New microfluidic strategy for protein crystallisation


Obtaining protein crystals suitable for X-rays scattering is requested to resolve protein functionalities, which is one of the most important goal of biological research. In this domain, microfluidics has recently proved be a powerful, rapid and efficient approach: by rapidly screening an important number of different conditions, and exploiting scale reduction, accelerates by orders of magnitude the determination of optimal grow conditions. This approach led to crytallise for the first time integrin.

The aim of PROTEMICROFLU is to develop a new microfluidic approach to protein crystallisation. The system we propose is an array of evaporation microchambers, moulded on a microfluidic chip, filled by solutes of different concentration and exposed, through a membrane, to air fluxes driven through microchannels, placed at a second level.

The system is made by using multi layer lithography, a technology well handled by the host laboratory. The agents will be concentrated by evaporation of the solvent through the membranes, achieving supersaturated states which eventually crystallize. In a second step, the system will be equipped by microvalves to facilitate fluid handling and favour integration and compactness.
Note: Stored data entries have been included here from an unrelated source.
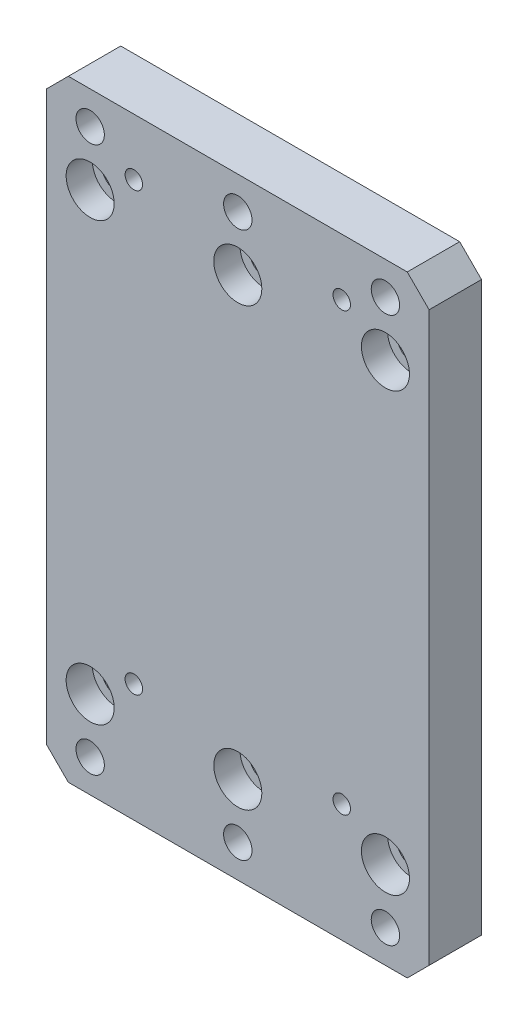
ISO-10303-21;
HEADER;
FILE_DESCRIPTION(('STEP AP214'),'2;1');
FILE_NAME('part.step','',(''),(''),'','','');
FILE_SCHEMA(('AUTOMOTIVE_DESIGN { 1 0 10303 214 1 1 1 1 }'));
ENDSEC;
DATA;
#1=APPLICATION_CONTEXT('core data for automotive mechanical design processes');
#2=APPLICATION_PROTOCOL_DEFINITION('international standard','automotive_design',2000,#1);
#3=PRODUCT_CONTEXT('',#1,'mechanical');
#4=PRODUCT('Part','Part','',(#3));
#5=PRODUCT_RELATED_PRODUCT_CATEGORY('part','',(#4));
#6=PRODUCT_DEFINITION_FORMATION('','',#4);
#7=PRODUCT_DEFINITION_CONTEXT('part definition',#1,'design');
#8=PRODUCT_DEFINITION('design','',#6,#7);
#9=PRODUCT_DEFINITION_SHAPE('','',#8);
#10=(LENGTH_UNIT() NAMED_UNIT(*) SI_UNIT(.MILLI.,.METRE.));
#11=(NAMED_UNIT(*) PLANE_ANGLE_UNIT() SI_UNIT($,.RADIAN.));
#12=(NAMED_UNIT(*) SI_UNIT($,.STERADIAN.) SOLID_ANGLE_UNIT());
#13=UNCERTAINTY_MEASURE_WITH_UNIT(LENGTH_MEASURE(1.E-05),#10,'distance_accuracy_value','');
#14=(GEOMETRIC_REPRESENTATION_CONTEXT(3) GLOBAL_UNCERTAINTY_ASSIGNED_CONTEXT((#13)) GLOBAL_UNIT_ASSIGNED_CONTEXT((#10,
#11,#12)) REPRESENTATION_CONTEXT('',''));
#15=CARTESIAN_POINT('',(0.,0.,0.));
#16=DIRECTION('',(0.,0.,1.));
#17=DIRECTION('',(1.,0.,0.));
#18=AXIS2_PLACEMENT_3D('',#15,#16,#17);
#19=CARTESIAN_POINT('',(43.8,-70.,12.));
#20=DIRECTION('',(-1.,0.,0.));
#21=DIRECTION('',(0.,0.,1.));
#22=AXIS2_PLACEMENT_3D('',#19,#20,#21);
#23=PLANE('',#22);
#24=DIRECTION('',(0.,1.,0.));
#25=VECTOR('',#24,1.);
#26=CARTESIAN_POINT('',(43.8,-70.,12.));
#27=LINE('',#26,#25);
#28=CARTESIAN_POINT('',(43.8,-65.,12.));
#29=VERTEX_POINT('',#28);
#30=CARTESIAN_POINT('',(43.8,65.,12.));
#31=VERTEX_POINT('',#30);
#32=EDGE_CURVE('E125',#29,#31,#27,.T.);
#33=ORIENTED_EDGE('',*,*,#32,.F.);
#34=DIRECTION('',(0.,0.,-1.));
#35=VECTOR('',#34,1.);
#36=CARTESIAN_POINT('',(43.8,-65.,12.));
#37=LINE('',#36,#35);
#38=CARTESIAN_POINT('',(43.8,-65.,0.));
#39=VERTEX_POINT('',#38);
#40=EDGE_CURVE('E151',#29,#39,#37,.T.);
#41=ORIENTED_EDGE('',*,*,#40,.T.);
#42=DIRECTION('',(0.,1.,0.));
#43=VECTOR('',#42,1.);
#44=CARTESIAN_POINT('',(43.8,-70.,0.));
#45=LINE('',#44,#43);
#46=CARTESIAN_POINT('',(43.8,65.,0.));
#47=VERTEX_POINT('',#46);
#48=EDGE_CURVE('E159',#39,#47,#45,.T.);
#49=ORIENTED_EDGE('',*,*,#48,.T.);
#50=DIRECTION('',(0.,0.,1.));
#51=VECTOR('',#50,1.);
#52=CARTESIAN_POINT('',(43.8,65.,12.));
#53=LINE('',#52,#51);
#54=EDGE_CURVE('E149',#47,#31,#53,.T.);
#55=ORIENTED_EDGE('',*,*,#54,.T.);
#56=EDGE_LOOP('',(#33,#41,#49,#55));
#57=FACE_BOUND('',#56,.T.);
#58=ADVANCED_FACE('F34',(#57),#23,.F.);
#59=CARTESIAN_POINT('',(-43.8,70.,12.));
#60=DIRECTION('',(0.,-1.,0.));
#61=DIRECTION('',(0.,0.,-1.));
#62=AXIS2_PLACEMENT_3D('',#59,#60,#61);
#63=PLANE('',#62);
#64=DIRECTION('',(-1.,0.,0.));
#65=VECTOR('',#64,1.);
#66=CARTESIAN_POINT('',(-43.8,70.,0.));
#67=LINE('',#66,#65);
#68=CARTESIAN_POINT('',(38.8,70.,0.));
#69=VERTEX_POINT('',#68);
#70=CARTESIAN_POINT('',(-38.8,70.,0.));
#71=VERTEX_POINT('',#70);
#72=EDGE_CURVE('E130',#69,#71,#67,.T.);
#73=ORIENTED_EDGE('',*,*,#72,.T.);
#74=DIRECTION('',(0.,0.,1.));
#75=VECTOR('',#74,1.);
#76=CARTESIAN_POINT('',(-38.8,70.,12.));
#77=LINE('',#76,#75);
#78=CARTESIAN_POINT('',(-38.8,70.,12.));
#79=VERTEX_POINT('',#78);
#80=EDGE_CURVE('E11',#71,#79,#77,.T.);
#81=ORIENTED_EDGE('',*,*,#80,.T.);
#82=DIRECTION('',(-1.,0.,0.));
#83=VECTOR('',#82,1.);
#84=CARTESIAN_POINT('',(-43.8,70.,12.));
#85=LINE('',#84,#83);
#86=CARTESIAN_POINT('',(38.8,70.,12.));
#87=VERTEX_POINT('',#86);
#88=EDGE_CURVE('E128',#87,#79,#85,.T.);
#89=ORIENTED_EDGE('',*,*,#88,.F.);
#90=DIRECTION('',(0.,0.,-1.));
#91=VECTOR('',#90,1.);
#92=CARTESIAN_POINT('',(38.8,70.,12.));
#93=LINE('',#92,#91);
#94=EDGE_CURVE('E42',#87,#69,#93,.T.);
#95=ORIENTED_EDGE('',*,*,#94,.T.);
#96=EDGE_LOOP('',(#73,#81,#89,#95));
#97=FACE_BOUND('',#96,.T.);
#98=ADVANCED_FACE('F156',(#97),#63,.F.);
#99=CARTESIAN_POINT('',(-43.8,-70.,12.));
#100=DIRECTION('',(1.,0.,0.));
#101=DIRECTION('',(0.,0.,-1.));
#102=AXIS2_PLACEMENT_3D('',#99,#100,#101);
#103=PLANE('',#102);
#104=DIRECTION('',(0.,-1.,0.));
#105=VECTOR('',#104,1.);
#106=CARTESIAN_POINT('',(-43.8,-70.,0.));
#107=LINE('',#106,#105);
#108=CARTESIAN_POINT('',(-43.8,65.,0.));
#109=VERTEX_POINT('',#108);
#110=CARTESIAN_POINT('',(-43.8,-65.,0.));
#111=VERTEX_POINT('',#110);
#112=EDGE_CURVE('E126',#109,#111,#107,.T.);
#113=ORIENTED_EDGE('',*,*,#112,.T.);
#114=DIRECTION('',(0.,0.,1.));
#115=VECTOR('',#114,1.);
#116=CARTESIAN_POINT('',(-43.8,-65.,12.));
#117=LINE('',#116,#115);
#118=CARTESIAN_POINT('',(-43.8,-65.,12.));
#119=VERTEX_POINT('',#118);
#120=EDGE_CURVE('E104',#111,#119,#117,.T.);
#121=ORIENTED_EDGE('',*,*,#120,.T.);
#122=DIRECTION('',(0.,-1.,0.));
#123=VECTOR('',#122,1.);
#124=CARTESIAN_POINT('',(-43.8,-70.,12.));
#125=LINE('',#124,#123);
#126=CARTESIAN_POINT('',(-43.8,65.,12.));
#127=VERTEX_POINT('',#126);
#128=EDGE_CURVE('E164',#127,#119,#125,.T.);
#129=ORIENTED_EDGE('',*,*,#128,.F.);
#130=DIRECTION('',(0.,0.,-1.));
#131=VECTOR('',#130,1.);
#132=CARTESIAN_POINT('',(-43.8,65.,12.));
#133=LINE('',#132,#131);
#134=EDGE_CURVE('E109',#127,#109,#133,.T.);
#135=ORIENTED_EDGE('',*,*,#134,.T.);
#136=EDGE_LOOP('',(#113,#121,#129,#135));
#137=FACE_BOUND('',#136,.T.);
#138=ADVANCED_FACE('F368',(#137),#103,.F.);
#139=CARTESIAN_POINT('',(-43.8,-70.,12.));
#140=DIRECTION('',(0.,1.,0.));
#141=DIRECTION('',(0.,0.,1.));
#142=AXIS2_PLACEMENT_3D('',#139,#140,#141);
#143=PLANE('',#142);
#144=DIRECTION('',(1.,0.,0.));
#145=VECTOR('',#144,1.);
#146=CARTESIAN_POINT('',(-43.8,-70.,12.));
#147=LINE('',#146,#145);
#148=CARTESIAN_POINT('',(-38.8,-70.,12.));
#149=VERTEX_POINT('',#148);
#150=CARTESIAN_POINT('',(38.8,-70.,12.));
#151=VERTEX_POINT('',#150);
#152=EDGE_CURVE('E119',#149,#151,#147,.T.);
#153=ORIENTED_EDGE('',*,*,#152,.F.);
#154=DIRECTION('',(0.,0.,-1.));
#155=VECTOR('',#154,1.);
#156=CARTESIAN_POINT('',(-38.8,-70.,12.));
#157=LINE('',#156,#155);
#158=CARTESIAN_POINT('',(-38.8,-70.,0.));
#159=VERTEX_POINT('',#158);
#160=EDGE_CURVE('E103',#149,#159,#157,.T.);
#161=ORIENTED_EDGE('',*,*,#160,.T.);
#162=DIRECTION('',(1.,0.,0.));
#163=VECTOR('',#162,1.);
#164=CARTESIAN_POINT('',(-43.8,-70.,0.));
#165=LINE('',#164,#163);
#166=CARTESIAN_POINT('',(38.8,-70.,0.));
#167=VERTEX_POINT('',#166);
#168=EDGE_CURVE('E116',#159,#167,#165,.T.);
#169=ORIENTED_EDGE('',*,*,#168,.T.);
#170=DIRECTION('',(0.,0.,1.));
#171=VECTOR('',#170,1.);
#172=CARTESIAN_POINT('',(38.8,-70.,12.));
#173=LINE('',#172,#171);
#174=EDGE_CURVE('E121',#167,#151,#173,.T.);
#175=ORIENTED_EDGE('',*,*,#174,.T.);
#176=EDGE_LOOP('',(#153,#161,#169,#175));
#177=FACE_BOUND('',#176,.T.);
#178=ADVANCED_FACE('F115',(#177),#143,.F.);
#179=CARTESIAN_POINT('',(43.8,70.,12.));
#180=DIRECTION('',(0.,0.,-1.));
#181=DIRECTION('',(-1.,0.,0.));
#182=AXIS2_PLACEMENT_3D('',#179,#180,#181);
#183=PLANE('',#182);
#184=CARTESIAN_POINT('',(33.8000000000068,-62.5,12.));
#185=DIRECTION('',(0.,0.,-1.));
#186=DIRECTION('',(-1.,0.,0.));
#187=AXIS2_PLACEMENT_3D('',#184,#185,#186);
#188=CIRCLE('',#187,3.25);
#189=CARTESIAN_POINT('',(30.5500000000068,-62.5,12.));
#190=VERTEX_POINT('',#189);
#191=EDGE_CURVE('E291',#190,#190,#188,.T.);
#192=ORIENTED_EDGE('',*,*,#191,.T.);
#193=EDGE_LOOP('',(#192));
#194=FACE_BOUND('',#193,.T.);
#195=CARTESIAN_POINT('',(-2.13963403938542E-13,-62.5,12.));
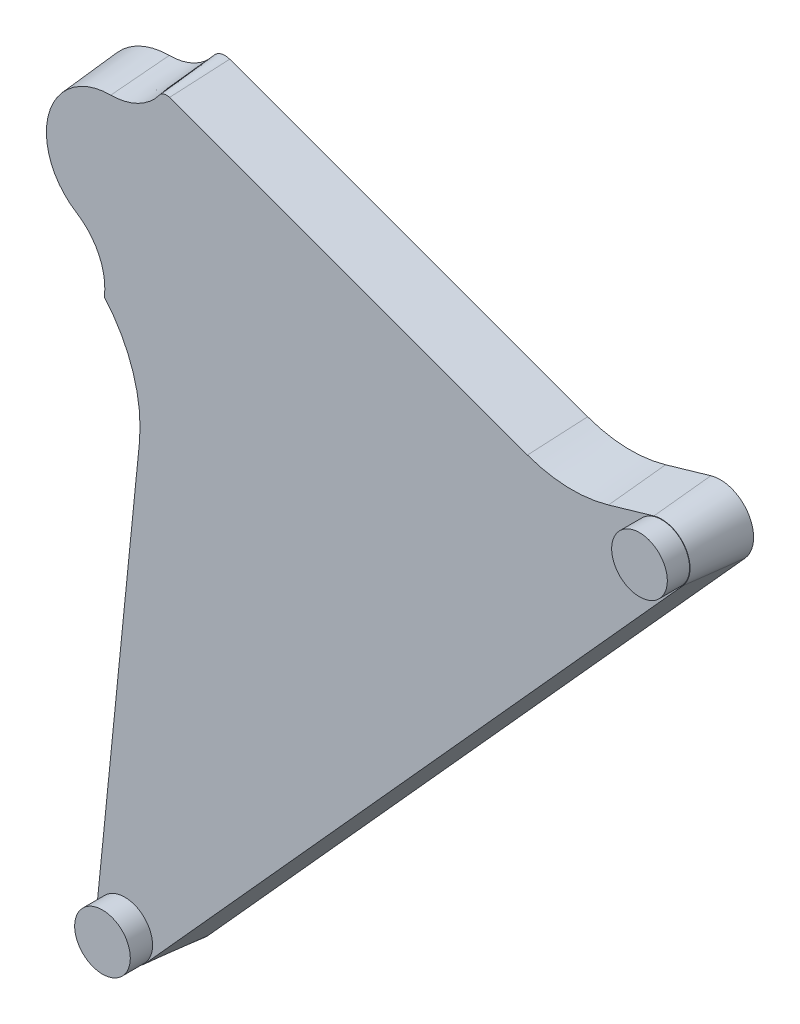
ISO-10303-21;
HEADER;
FILE_DESCRIPTION(('STEP AP214'),'2;1');
FILE_NAME('part.step','',(''),(''),'','','');
FILE_SCHEMA(('AUTOMOTIVE_DESIGN { 1 0 10303 214 1 1 1 1 }'));
ENDSEC;
DATA;
#1=APPLICATION_CONTEXT('core data for automotive mechanical design processes');
#2=APPLICATION_PROTOCOL_DEFINITION('international standard','automotive_design',2000,#1);
#3=PRODUCT_CONTEXT('',#1,'mechanical');
#4=PRODUCT('Part','Part','',(#3));
#5=PRODUCT_RELATED_PRODUCT_CATEGORY('part','',(#4));
#6=PRODUCT_DEFINITION_FORMATION('','',#4);
#7=PRODUCT_DEFINITION_CONTEXT('part definition',#1,'design');
#8=PRODUCT_DEFINITION('design','',#6,#7);
#9=PRODUCT_DEFINITION_SHAPE('','',#8);
#10=(LENGTH_UNIT() NAMED_UNIT(*) SI_UNIT(.MILLI.,.METRE.));
#11=(NAMED_UNIT(*) PLANE_ANGLE_UNIT() SI_UNIT($,.RADIAN.));
#12=(NAMED_UNIT(*) SI_UNIT($,.STERADIAN.) SOLID_ANGLE_UNIT());
#13=UNCERTAINTY_MEASURE_WITH_UNIT(LENGTH_MEASURE(1.E-05),#10,'distance_accuracy_value','');
#14=(GEOMETRIC_REPRESENTATION_CONTEXT(3) GLOBAL_UNCERTAINTY_ASSIGNED_CONTEXT((#13)) GLOBAL_UNIT_ASSIGNED_CONTEXT((#10,
#11,#12)) REPRESENTATION_CONTEXT('',''));
#15=CARTESIAN_POINT('',(0.,0.,0.));
#16=DIRECTION('',(0.,0.,1.));
#17=DIRECTION('',(1.,0.,0.));
#18=AXIS2_PLACEMENT_3D('',#15,#16,#17);
#19=CARTESIAN_POINT('',(-24.,-38.0657326213486,0.));
#20=DIRECTION('',(0.,0.,1.));
#21=DIRECTION('',(1.,0.,0.));
#22=AXIS2_PLACEMENT_3D('',#19,#20,#21);
#23=CONICAL_SURFACE('',#22,20.,0.0872664625997167);
#24=CARTESIAN_POINT('',(-24.,-38.0657326213486,0.));
#25=DIRECTION('',(0.,0.,-1.));
#26=DIRECTION('',(1.,0.,0.));
#27=AXIS2_PLACEMENT_3D('',#24,#25,#26);
#28=CIRCLE('',#27,20.);
#29=CARTESIAN_POINT('',(-13.3333333333333,-21.1476292340825,0.));
#30=VERTEX_POINT('',#29);
#31=CARTESIAN_POINT('',(-4.28464979789088,-41.4280185116614,0.));
#32=VERTEX_POINT('',#31);
#33=EDGE_CURVE('E129',#30,#32,#28,.T.);
#34=ORIENTED_EDGE('',*,*,#33,.T.);
#35=CARTESIAN_POINT('',(-2.34073281736119,-40.8482052424433,21.));
#36=CARTESIAN_POINT('',(-2.50139442564413,-40.8971555313612,19.2498944760869));
#37=CARTESIAN_POINT('',(-2.6623640559333,-40.945959511817,17.499813119764));
#38=CARTESIAN_POINT('',(-2.98495600856319,-41.0432574008663,13.9997022828302));
#39=CARTESIAN_POINT('',(-3.14657833077965,-41.0917513095186,12.2496728022095));
#40=CARTESIAN_POINT('',(-3.47051238027014,-41.1884116198143,8.74966854954999));
#41=CARTESIAN_POINT('',(-3.63282410756043,-41.2365780214499,6.99969377751241));
#42=CARTESIAN_POINT('',(-3.95817844022917,-41.3325636094536,3.49980232151207));
#43=CARTESIAN_POINT('',(-4.12122104574678,-41.3803827957556,1.74988563756043));
#44=CARTESIAN_POINT('',(-4.28464979789071,-41.4280185116616,0.));
#45=B_SPLINE_CURVE_WITH_KNOTS('',3,(#35,#36,#37,#38,#39,#40,#41,#42,#43,#44),.UNSPECIFIED.,.F.,
.F.,(4,2,2,2,4),(0.,5.27443822189284,10.5488754395707,15.8233127815579,21.0977511278854),.UNSPECIFIED.);
#46=CARTESIAN_POINT('',(-2.34073281736119,-40.8482052424433,21.));
#47=VERTEX_POINT('',#46);
#48=EDGE_CURVE('E11',#47,#32,#45,.T.);
#49=ORIENTED_EDGE('',*,*,#48,.F.);
#50=CARTESIAN_POINT('',(-24.,-38.0657326213486,21.));
#51=DIRECTION('',(0.,0.,1.));
#52=DIRECTION('',(1.,0.,0.));
#53=AXIS2_PLACEMENT_3D('',#50,#51,#52);
#54=CIRCLE('',#53,21.8372619340444);
#55=CARTESIAN_POINT('',(-12.353460301843,-19.5934798665999,21.));
#56=VERTEX_POINT('',#55);
#57=EDGE_CURVE('E168',#56,#47,#54,.F.);
#58=ORIENTED_EDGE('',*,*,#57,.F.);
#59=DIRECTION('',(-0.0464830627987511,-0.0737254933299423,-0.996194698091745));
#60=VECTOR('',#59,1.);
#61=CARTESIAN_POINT('',(-13.3333333333333,-21.1476292340825,0.));
#62=LINE('',#61,#60);
#63=EDGE_CURVE('E142',#56,#30,#62,.T.);
#64=ORIENTED_EDGE('',*,*,#63,.T.);
#65=EDGE_LOOP('',(#34,#49,#58,#64));
#66=FACE_BOUND('',#65,.T.);
#67=ADVANCED_FACE('F35',(#66),#23,.F.);
#68=CARTESIAN_POINT('',(-41.3376126881464,-75.,0.));
#69=DIRECTION('',(0.,0.,1.));
#70=DIRECTION('',(1.,0.,0.));
#71=AXIS2_PLACEMENT_3D('',#68,#69,#70);
#72=CONICAL_SURFACE('',#71,50.,0.0872664625997167);
#73=CARTESIAN_POINT('',(-41.3376126881464,-75.,0.));
#74=DIRECTION('',(0.,0.,-1.));
#75=DIRECTION('',(1.,0.,0.));
#76=AXIS2_PLACEMENT_3D('',#73,#74,#75);
#77=CIRCLE('',#76,50.);
#78=CARTESIAN_POINT('',(8.4117591671846,-80.,0.));
#79=VERTEX_POINT('',#78);
#80=EDGE_CURVE('E125',#32,#79,#77,.T.);
#81=ORIENTED_EDGE('',*,*,#80,.T.);
#82=DIRECTION('',(-0.0867188691056165,0.00871557427476584,-0.996194698091745));
#83=VECTOR('',#82,1.);
#84=CARTESIAN_POINT('',(8.4117591671846,-80.,0.));
#85=LINE('',#84,#83);
#86=CARTESIAN_POINT('',(10.239811710233,-80.1837261934045,21.));
#87=VERTEX_POINT('',#86);
#88=EDGE_CURVE('E44',#87,#79,#85,.T.);
#89=ORIENTED_EDGE('',*,*,#88,.F.);
#90=CARTESIAN_POINT('',(-41.3376126881464,-75.,21.));
#91=DIRECTION('',(0.,0.,1.));
#92=DIRECTION('',(1.,0.,0.));
#93=AXIS2_PLACEMENT_3D('',#90,#91,#92);
#94=CIRCLE('',#93,51.8372619340444);
#95=EDGE_CURVE('E138',#47,#87,#94,.F.);
#96=ORIENTED_EDGE('',*,*,#95,.F.);
#97=ORIENTED_EDGE('',*,*,#48,.T.);
#98=EDGE_LOOP('',(#81,#89,#96,#97));
#99=FACE_BOUND('',#98,.T.);
#100=ADVANCED_FACE('F137',(#99),#72,.F.);
#101=CARTESIAN_POINT('',(-6.93984924527944,-232.74657509782,0.));
#102=DIRECTION('',(-0.991201209513509,0.0996194698091746,0.0871557427476584));
#103=DIRECTION('',(-0.1,-0.99498743710662,0.));
#104=AXIS2_PLACEMENT_3D('',#101,#102,#103);
#105=PLANE('',#104);
#106=DIRECTION('',(-0.1,-0.99498743710662,0.));
#107=VECTOR('',#106,1.);
#108=CARTESIAN_POINT('',(-6.93984924527944,-232.74657509782,0.));
#109=LINE('',#108,#107);
#110=CARTESIAN_POINT('',(-6.93984924527946,-232.74657509782,0.));
#111=VERTEX_POINT('',#110);
#112=EDGE_CURVE('E131',#79,#111,#109,.T.);
#113=ORIENTED_EDGE('',*,*,#112,.T.);
#114=DIRECTION('',(-0.0867188691056165,0.00871557427476587,-0.996194698091745));
#115=VECTOR('',#114,1.);
#116=CARTESIAN_POINT('',(-6.93984924527946,-232.74657509782,0.));
#117=LINE('',#116,#115);
#118=CARTESIAN_POINT('',(-5.11179670223106,-232.930301291225,21.));
#119=VERTEX_POINT('',#118);
#120=EDGE_CURVE('E227',#119,#111,#117,.T.);
#121=ORIENTED_EDGE('',*,*,#120,.F.);
#122=DIRECTION('',(0.1,0.99498743710662,0.));
#123=VECTOR('',#122,1.);
#124=CARTESIAN_POINT('',(-5.11179670223104,-232.930301291225,21.));
#125=LINE('',#124,#123);
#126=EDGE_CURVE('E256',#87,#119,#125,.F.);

The main goal is to map the protein phase diagram and look for optimal crystallization conditions; owing to the flexibility and speed of the handling of the working fluids, it will be possible to interactively optimize crystal sizes and structures, along with understanding the whole kinetic process. Compared to existing microfluidic systems, the interactivity and improved control represent substantial progress.

The study will first address standard proteins (lysozyme and g crystallin) and will aim at considering proteins unresolved by traditional techniques. The project feasibly is demonstrated by preliminary studies; moreover, the host laboratory expertise (microtechnology) will provide a complementary formation to the candidate background (protein interaction).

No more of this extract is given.